William Mair, Ph.D Assistant Professor Department of Genetics and Complex Diseases Harvard T. H Chan School of Public Health Boston, MA 02115MedicalResearch.com Interview with:
William Mair, Ph.D
Assistant Professor
Department of Genetics and Complex Diseases
Harvard T. H Chan School of Public Health
Boston, MA 02115

MedicalResearch: What is the background for this study? What are the main findings?

Dr. Mair: Dietary restriction, the reduction of food intake without malnutrition has been known for 80 years to prolong lifespan in organisms ranging from single celled yeast to non human primates, and early signs suggest improvement of metabolic parameters in patients undergoing clinical trials. However, negative side effects associated with low calorie intake remain, and compliance and lifestyle factors make it an unappealing therapeutic. Since calorie restriction (CR) can have remarkable protective effects against multiple age onset diseases in mouse models – ranging from cancer to neurodegeneration to metabolic disease – finding molecular mechanisms though which calorie restriction functions might provide novel therapeutic targets that promote healthy aging. Using a model system, the nematode worm C. elegans, we show that perception of energy intake in the nervous system may be as critical for the effects of low energy on aging as actual calorie intake itself. Animals expressing an active form of a protein called AMPK, which is a cellular energy sensor, were long lived despite eating normally but this longevity could be turned off or on by changes to a neurotransmitter in just a few neurons. This suggests that therapeutic targets that modulate the perception of energy status in the nervous system might provide novel ways to gain the benefit of calorie restriction and promote healthy aging.

MedicalResearch: What should clinicians and patients take away from your report?
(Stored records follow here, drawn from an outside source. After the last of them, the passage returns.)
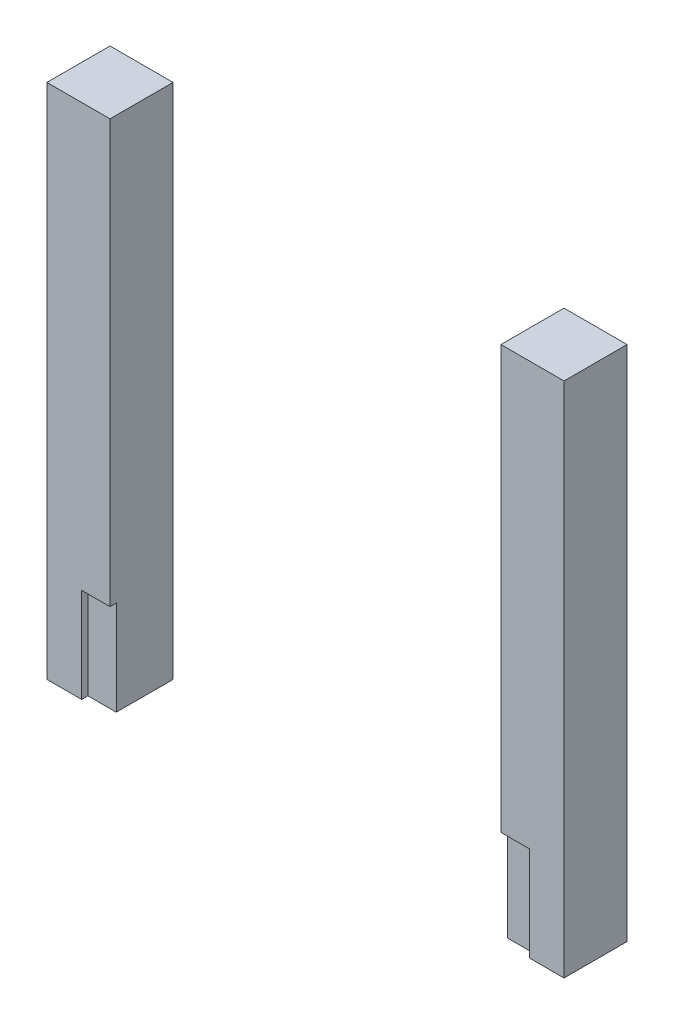
ISO-10303-21;
HEADER;
FILE_DESCRIPTION(('STEP AP214'),'2;1');
FILE_NAME('part.step','',(''),(''),'','','');
FILE_SCHEMA(('AUTOMOTIVE_DESIGN { 1 0 10303 214 1 1 1 1 }'));
ENDSEC;
DATA;
#1=APPLICATION_CONTEXT('core data for automotive mechanical design processes');
#2=APPLICATION_PROTOCOL_DEFINITION('international standard','automotive_design',2000,#1);
#3=PRODUCT_CONTEXT('',#1,'mechanical');
#4=PRODUCT('Part','Part','',(#3));
#5=PRODUCT_RELATED_PRODUCT_CATEGORY('part','',(#4));
#6=PRODUCT_DEFINITION_FORMATION('','',#4);
#7=PRODUCT_DEFINITION_CONTEXT('part definition',#1,'design');
#8=PRODUCT_DEFINITION('design','',#6,#7);
#9=PRODUCT_DEFINITION_SHAPE('','',#8);
#10=(LENGTH_UNIT() NAMED_UNIT(*) SI_UNIT(.MILLI.,.METRE.));
#11=(NAMED_UNIT(*) PLANE_ANGLE_UNIT() SI_UNIT($,.RADIAN.));
#12=(NAMED_UNIT(*) SI_UNIT($,.STERADIAN.) SOLID_ANGLE_UNIT());
#13=UNCERTAINTY_MEASURE_WITH_UNIT(LENGTH_MEASURE(1.E-05),#10,'distance_accuracy_value','');
#14=(GEOMETRIC_REPRESENTATION_CONTEXT(3) GLOBAL_UNCERTAINTY_ASSIGNED_CONTEXT((#13)) GLOBAL_UNIT_ASSIGNED_CONTEXT((#10,
#11,#12)) REPRESENTATION_CONTEXT('',''));
#15=CARTESIAN_POINT('',(0.,0.,0.));
#16=DIRECTION('',(0.,0.,1.));
#17=DIRECTION('',(1.,0.,0.));
#18=AXIS2_PLACEMENT_3D('',#15,#16,#17);
#19=CARTESIAN_POINT('',(0.,0.,50.));
#20=DIRECTION('',(0.,0.,1.));
#21=DIRECTION('',(1.,0.,0.));
#22=AXIS2_PLACEMENT_3D('',#19,#20,#21);
#23=PLANE('',#22);
#24=DIRECTION('',(0.,-1.,0.));
#25=VECTOR('',#24,1.);
#26=CARTESIAN_POINT('',(310.,410.,50.));
#27=LINE('',#26,#25);
#28=CARTESIAN_POINT('',(310.,410.,50.));
#29=VERTEX_POINT('',#28);
#30=CARTESIAN_POINT('',(310.,-260.,50.));
#31=VERTEX_POINT('',#30);
#32=EDGE_CURVE('E145',#29,#31,#27,.T.);
#33=ORIENTED_EDGE('',*,*,#32,.T.);
#34=DIRECTION('',(-1.,0.,0.));
#35=VECTOR('',#34,1.);
#36=CARTESIAN_POINT('',(-355.,-260.,50.));
#37=LINE('',#36,#35);
#38=CARTESIAN_POINT('',(355.,-260.,50.));
#39=VERTEX_POINT('',#38);
#40=EDGE_CURVE('E50',#39,#31,#37,.T.);
#41=ORIENTED_EDGE('',*,*,#40,.F.);
#42=DIRECTION('',(0.,1.,0.));
#43=VECTOR('',#42,1.);
#44=CARTESIAN_POINT('',(355.,-260.,50.));
#45=LINE('',#44,#43);
#46=CARTESIAN_POINT('',(355.,-410.,50.));
#47=VERTEX_POINT('',#46);
#48=EDGE_CURVE('E142',#47,#39,#45,.T.);
#49=ORIENTED_EDGE('',*,*,#48,.F.);
#50=DIRECTION('',(1.,0.,0.));
#51=VECTOR('',#50,1.);
#52=CARTESIAN_POINT('',(-410.,-410.,50.));
#53=LINE('',#52,#51);
#54=CARTESIAN_POINT('',(410.,-410.,50.));
#55=VERTEX_POINT('',#54);
#56=EDGE_CURVE('E146',#47,#55,#53,.T.);
#57=ORIENTED_EDGE('',*,*,#56,.T.);
#58=DIRECTION('',(0.,1.,0.));
#59=VECTOR('',#58,1.);
#60=CARTESIAN_POINT('',(410.,410.,50.));
#61=LINE('',#60,#59);
#62=CARTESIAN_POINT('',(410.,410.,50.));
#63=VERTEX_POINT('',#62);
#64=EDGE_CURVE('E147',#55,#63,#61,.T.);
#65=ORIENTED_EDGE('',*,*,#64,.T.);
#66=DIRECTION('',(-1.,0.,0.));
#67=VECTOR('',#66,1.);
#68=CARTESIAN_POINT('',(-410.,410.,50.));
#69=LINE('',#68,#67);
#70=EDGE_CURVE('E113',#63,#29,#69,.T.);
#71=ORIENTED_EDGE('',*,*,#70,.T.);
#72=EDGE_LOOP('',(#33,#41,#49,#57,#65,#71));
#73=FACE_BOUND('',#72,.T.);
#74=ADVANCED_FACE('F47',(#73),#23,.T.);
#75=CARTESIAN_POINT('',(0.,0.,-50.));
#76=DIRECTION('',(0.,0.,1.));
#77=DIRECTION('',(1.,0.,0.));
#78=AXIS2_PLACEMENT_3D('',#75,#76,#77);
#79=PLANE('',#78);
#80=DIRECTION('',(1.,0.,0.));
#81=VECTOR('',#80,1.);
#82=CARTESIAN_POINT('',(-410.,-410.,-50.));
#83=LINE('',#82,#81);
#84=CARTESIAN_POINT('',(310.,-410.,-50.));
#85=VERTEX_POINT('',#84);
#86=CARTESIAN_POINT('',(410.,-410.,-50.));
#87=VERTEX_POINT('',#86);
#88=EDGE_CURVE('E118',#85,#87,#83,.T.);
#89=ORIENTED_EDGE('',*,*,#88,.F.);
#90=DIRECTION('',(0.,1.,0.));
#91=VECTOR('',#90,1.);
#92=CARTESIAN_POINT('',(310.,310.,-50.));
#93=LINE('',#92,#91);
#94=CARTESIAN_POINT('',(310.,410.,-50.));
#95=VERTEX_POINT('',#94);
#96=EDGE_CURVE('E65',#85,#95,#93,.T.);
#97=ORIENTED_EDGE('',*,*,#96,.T.);
#98=DIRECTION('',(-1.,0.,0.));
#99=VECTOR('',#98,1.);
#100=CARTESIAN_POINT('',(-410.,410.,-50.));
#101=LINE('',#100,#99);
#102=CARTESIAN_POINT('',(410.,410.,-50.));
#103=VERTEX_POINT('',#102);
#104=EDGE_CURVE('E112',#103,#95,#101,.T.);
#105=ORIENTED_EDGE('',*,*,#104,.F.);
#106=DIRECTION('',(0.,1.,0.));
#107=VECTOR('',#106,1.);
#108=CARTESIAN_POINT('',(410.,410.,-50.));
#109=LINE('',#108,#107);
#110=EDGE_CURVE('E127',#87,#103,#109,.T.);
#111=ORIENTED_EDGE('',*,*,#110,.F.);
#112=EDGE_LOOP('',(#89,#97,#105,#111));
#113=FACE_BOUND('',#112,.T.);
#114=ADVANCED_FACE('F125',(#113),#79,.F.);
#115=CARTESIAN_POINT('',(-410.,410.,50.));
#116=DIRECTION('',(0.,-1.,0.));
#117=DIRECTION('',(1.,0.,0.));
#118=AXIS2_PLACEMENT_3D('',#115,#116,#117);
#119=PLANE('',#118);
#120=ORIENTED_EDGE('',*,*,#104,.T.);
#121=DIRECTION('',(0.,0.,-1.));
#122=VECTOR('',#121,1.);
#123=CARTESIAN_POINT('',(310.,410.,50.));
#124=LINE('',#123,#122);
#125=EDGE_CURVE('E12',#29,#95,#124,.T.);
#126=ORIENTED_EDGE('',*,*,#125,.F.);
#127=ORIENTED_EDGE('',*,*,#70,.F.);
#128=DIRECTION('',(0.,0.,-1.));
#129=VECTOR('',#128,1.);
#130=CARTESIAN_POINT('',(410.,410.,50.));
#131=LINE('',#130,#129);
#132=EDGE_CURVE('E122',#63,#103,#131,.T.);
#133=ORIENTED_EDGE('',*,*,#132,.T.);
#134=EDGE_LOOP('',(#120,#126,#127,#133));
#135=FACE_BOUND('',#134,.T.);
#136=ADVANCED_FACE('F169',(#135),#119,.F.);
#137=CARTESIAN_POINT('',(-410.,-410.,50.));
#138=DIRECTION('',(0.,1.,0.));
#139=DIRECTION('',(0.,0.,1.));
#140=AXIS2_PLACEMENT_3D('',#137,#138,#139);
#141=PLANE('',#140);
#142=DIRECTION('',(1.,0.,0.));
#143=VECTOR('',#142,1.);
#144=CARTESIAN_POINT('',(-355.,-410.,40.));
#145=LINE('',#144,#143);
#146=CARTESIAN_POINT('',(310.,-410.,40.));
#147=VERTEX_POINT('',#146);
#148=CARTESIAN_POINT('',(355.,-410.,40.));
#149=VERTEX_POINT('',#148);
#150=EDGE_CURVE('E121',#147,#149,#145,.T.);
#151=ORIENTED_EDGE('',*,*,#150,.F.);
#152=DIRECTION('',(0.,0.,-1.));
#153=VECTOR('',#152,1.);
#154=CARTESIAN_POINT('',(310.,-410.,50.));
#155=LINE('',#154,#153);
#156=EDGE_CURVE('E108',#147,#85,#155,.T.);
#157=ORIENTED_EDGE('',*,*,#156,.T.);
#158=ORIENTED_EDGE('',*,*,#88,.T.);
#159=DIRECTION('',(0.,0.,-1.));
#160=VECTOR('',#159,1.);
#161=CARTESIAN_POINT('',(410.,-410.,50.));
#162=LINE('',#161,#160);
#163=EDGE_CURVE('E137',#55,#87,#162,.T.);
#164=ORIENTED_EDGE('',*,*,#163,.F.);
#165=ORIENTED_EDGE('',*,*,#56,.F.);
#166=DIRECTION('',(0.,0.,1.));
#167=VECTOR('',#166,1.);
#168=CARTESIAN_POINT('',(355.,-410.,40.));
#169=LINE('',#168,#167);
#170=EDGE_CURVE('E56',#149,#47,#169,.T.);
#171=ORIENTED_EDGE('',*,*,#170,.F.);
#172=EDGE_LOOP('',(#151,#157,#158,#164,#165,#171));
#173=FACE_BOUND('',#172,.T.);
#174=ADVANCED_FACE('F116',(#173),#141,.F.);
#175=CARTESIAN_POINT('',(0.,0.,40.));
#176=DIRECTION('',(0.,0.,1.));
#177=DIRECTION('',(1.,0.,0.));
#178=AXIS2_PLACEMENT_3D('',#175,#176,#177);
#179=PLANE('',#178);
#180=DIRECTION('',(0.,1.,0.));
#181=VECTOR('',#180,1.);
#182=CARTESIAN_POINT('',(310.,310.,40.));
#183=LINE('',#182,#181);
#184=CARTESIAN_POINT('',(310.,-260.,40.));
#185=VERTEX_POINT('',#184);
#186=EDGE_CURVE('E102',#147,#185,#183,.T.);
#187=ORIENTED_EDGE('',*,*,#186,.F.);
#188=ORIENTED_EDGE('',*,*,#150,.T.);
#189=DIRECTION('',(0.,1.,0.));
#190=VECTOR('',#189,1.);
#191=CARTESIAN_POINT('',(355.,-260.,40.));
#192=LINE('',#191,#190);
#193=CARTESIAN_POINT('',(355.,-260.,40.));
#194=VERTEX_POINT('',#193);
#195=EDGE_CURVE('E129',#149,#194,#192,.T.);
#196=ORIENTED_EDGE('',*,*,#195,.T.);
#197=DIRECTION('',(-1.,0.,0.));
#198=VECTOR('',#197,1.);
#199=CARTESIAN_POINT('',(-355.,-260.,40.));
#200=LINE('',#199,#198);
#201=EDGE_CURVE('E134',#194,#185,#200,.T.);
#202=ORIENTED_EDGE('',*,*,#201,.T.);
#203=EDGE_LOOP('',(#187,#188,#196,#202));
#204=FACE_BOUND('',#203,.T.);
#205=ADVANCED_FACE('F182',(#204),#179,.T.);
#206=CARTESIAN_POINT('',(410.,410.,50.));
#207=DIRECTION('',(-1.,0.,0.));
#208=DIRECTION('',(0.,-1.,0.));
#209=AXIS2_PLACEMENT_3D('',#206,#207,#208);
#210=PLANE('',#209);
#211=ORIENTED_EDGE('',*,*,#110,.T.);
#212=ORIENTED_EDGE('',*,*,#132,.F.);
#213=ORIENTED_EDGE('',*,*,#64,.F.);
#214=ORIENTED_EDGE('',*,*,#163,.T.);
#215=EDGE_LOOP('',(#211,#212,#213,#214));
#216=FACE_BOUND('',#215,.T.);
#217=ADVANCED_FACE('F184',(#216),#210,.F.);
#218=CARTESIAN_POINT('',(310.,310.,50.));
#219=DIRECTION('',(-1.,0.,0.));
#220=DIRECTION('',(0.,-1.,0.));
#221=AXIS2_PLACEMENT_3D('',#218,#219,#220);
#222=PLANE('',#221);
#223=DIRECTION('',(0.,0.,-1.));
#224=VECTOR('',#223,1.);
#225=CARTESIAN_POINT('',(310.,-260.,50.));
#226=LINE('',#225,#224);
#227=EDGE_CURVE('E158',#31,#185,#226,.T.);
#228=ORIENTED_EDGE('',*,*,#227,.F.);
#229=ORIENTED_EDGE('',*,*,#32,.F.);
#230=ORIENTED_EDGE('',*,*,#125,.T.);
#231=ORIENTED_EDGE('',*,*,#96,.F.);
#232=ORIENTED_EDGE('',*,*,#156,.F.);
#233=ORIENTED_EDGE('',*,*,#186,.T.);
#234=EDGE_LOOP('',(#228,#229,#230,#231,#232,#233));
#235=FACE_BOUND('',#234,.T.);
#236=ADVANCED_FACE('F107',(#235),#222,.T.);
#237=CARTESIAN_POINT('',(-355.,-260.,40.));
#238=DIRECTION('',(0.,1.,0.));
#239=DIRECTION('',(0.,0.,1.));
#240=AXIS2_PLACEMENT_3D('',#237,#238,#239);
#241=PLANE('',#240);
#242=ORIENTED_EDGE('',*,*,#227,.T.);
#243=ORIENTED_EDGE('',*,*,#201,.F.);
#244=DIRECTION('',(0.,0.,1.));
#245=VECTOR('',#244,1.);
#246=CARTESIAN_POINT('',(355.,-260.,40.));
#247=LINE('',#246,#245);
#248=EDGE_CURVE('E160',#194,#39,#247,.T.);
#249=ORIENTED_EDGE('',*,*,#248,.T.);
#250=ORIENTED_EDGE('',*,*,#40,.T.);
#251=EDGE_LOOP('',(#242,#243,#249,#250));
#252=FACE_BOUND('',#251,.T.);
#253=ADVANCED_FACE('F167',(#252),#241,.F.);
#254=CARTESIAN_POINT('',(355.,-260.,40.));
#255=DIRECTION('',(1.,0.,0.));
#256=DIRECTION('',(0.,1.,0.));
#257=AXIS2_PLACEMENT_3D('',#254,#255,#256);
#258=PLANE('',#257);
#259=ORIENTED_EDGE('',*,*,#48,.T.);
#260=ORIENTED_EDGE('',*,*,#248,.F.);
#261=ORIENTED_EDGE('',*,*,#195,.F.);
#262=ORIENTED_EDGE('',*,*,#170,.T.);
#263=EDGE_LOOP('',(#259,#260,#261,#262));
#264=FACE_BOUND('',#263,.T.);
#265=ADVANCED_FACE('F188',(#264),#258,.F.);
#266=CLOSED_SHELL('',(#74,#114,#136,#174,#205,#217,#236,#253,#265));
#267=MANIFOLD_SOLID_BREP('B2',#266);
#268=CARTESIAN_POINT('',(-410.,410.,50.));
#269=DIRECTION('',(1.,0.,0.));
#270=DIRECTION('',(0.,1.,0.));
#271=AXIS2_PLACEMENT_3D('',#268,#269,#270);
#272=PLANE('',#271);
#273=DIRECTION('',(0.,-1.,0.));
#274=VECTOR('',#273,1.);
#275=CARTESIAN_POINT('',(-410.,410.,-50.));
#276=LINE('',#275,#274);
#277=CARTESIAN_POINT('',(-410.,410.,-50.));
#278=VERTEX_POINT('',#277);
#279=CARTESIAN_POINT('',(-410.,-410.,-50.));
#280=VERTEX_POINT('',#279);
#281=EDGE_CURVE('E343',#278,#280,#276,.T.);
#282=ORIENTED_EDGE('',*,*,#281,.T.);
#283=DIRECTION('',(0.,0.,-1.));
#284=VECTOR('',#283,1.);
#285=CARTESIAN_POINT('',(-410.,-410.,50.));
#286=LINE('',#285,#284);
#287=CARTESIAN_POINT('',(-410.,-410.,50.));
#288=VERTEX_POINT('',#287);
#289=EDGE_CURVE('E341',#288,#280,#286,.T.);
#290=ORIENTED_EDGE('',*,*,#289,.F.);
#291=DIRECTION('',(0.,-1.,0.));
#292=VECTOR('',#291,1.);
#293=CARTESIAN_POINT('',(-410.,410.,50.));
#294=LINE('',#293,#292);
#295=CARTESIAN_POINT('',(-410.,410.,50.));
#296=VERTEX_POINT('',#295);
#297=EDGE_CURVE('E272',#296,#288,#294,.T.);
#298=ORIENTED_EDGE('',*,*,#297,.F.);
#299=DIRECTION('',(0.,0.,-1.));
#300=VECTOR('',#299,1.);
#301=CARTESIAN_POINT('',(-410.,410.,50.));
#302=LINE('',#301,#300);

Dr. William Mair: Calorie restriction is a remarkable phenomenon as it has such a broad protective effect on age related diseases with very different proximal causes. Therefore understanding the links between energy intake and aging itself might be an alternative to disease centric approaches in biomedicine. The molecular mechanisms that mediate calorie restriction in the nervous system in C. elegans are conserved in mammals and deregulated during aging and obesity. If our results linking energy perception to healthy aging are similarly conserved to mammals, targeting these processes as broad spectrum therapeutics might one day become a reality.

MedicalResearch: What recommendations do you have for future research as a result of this study?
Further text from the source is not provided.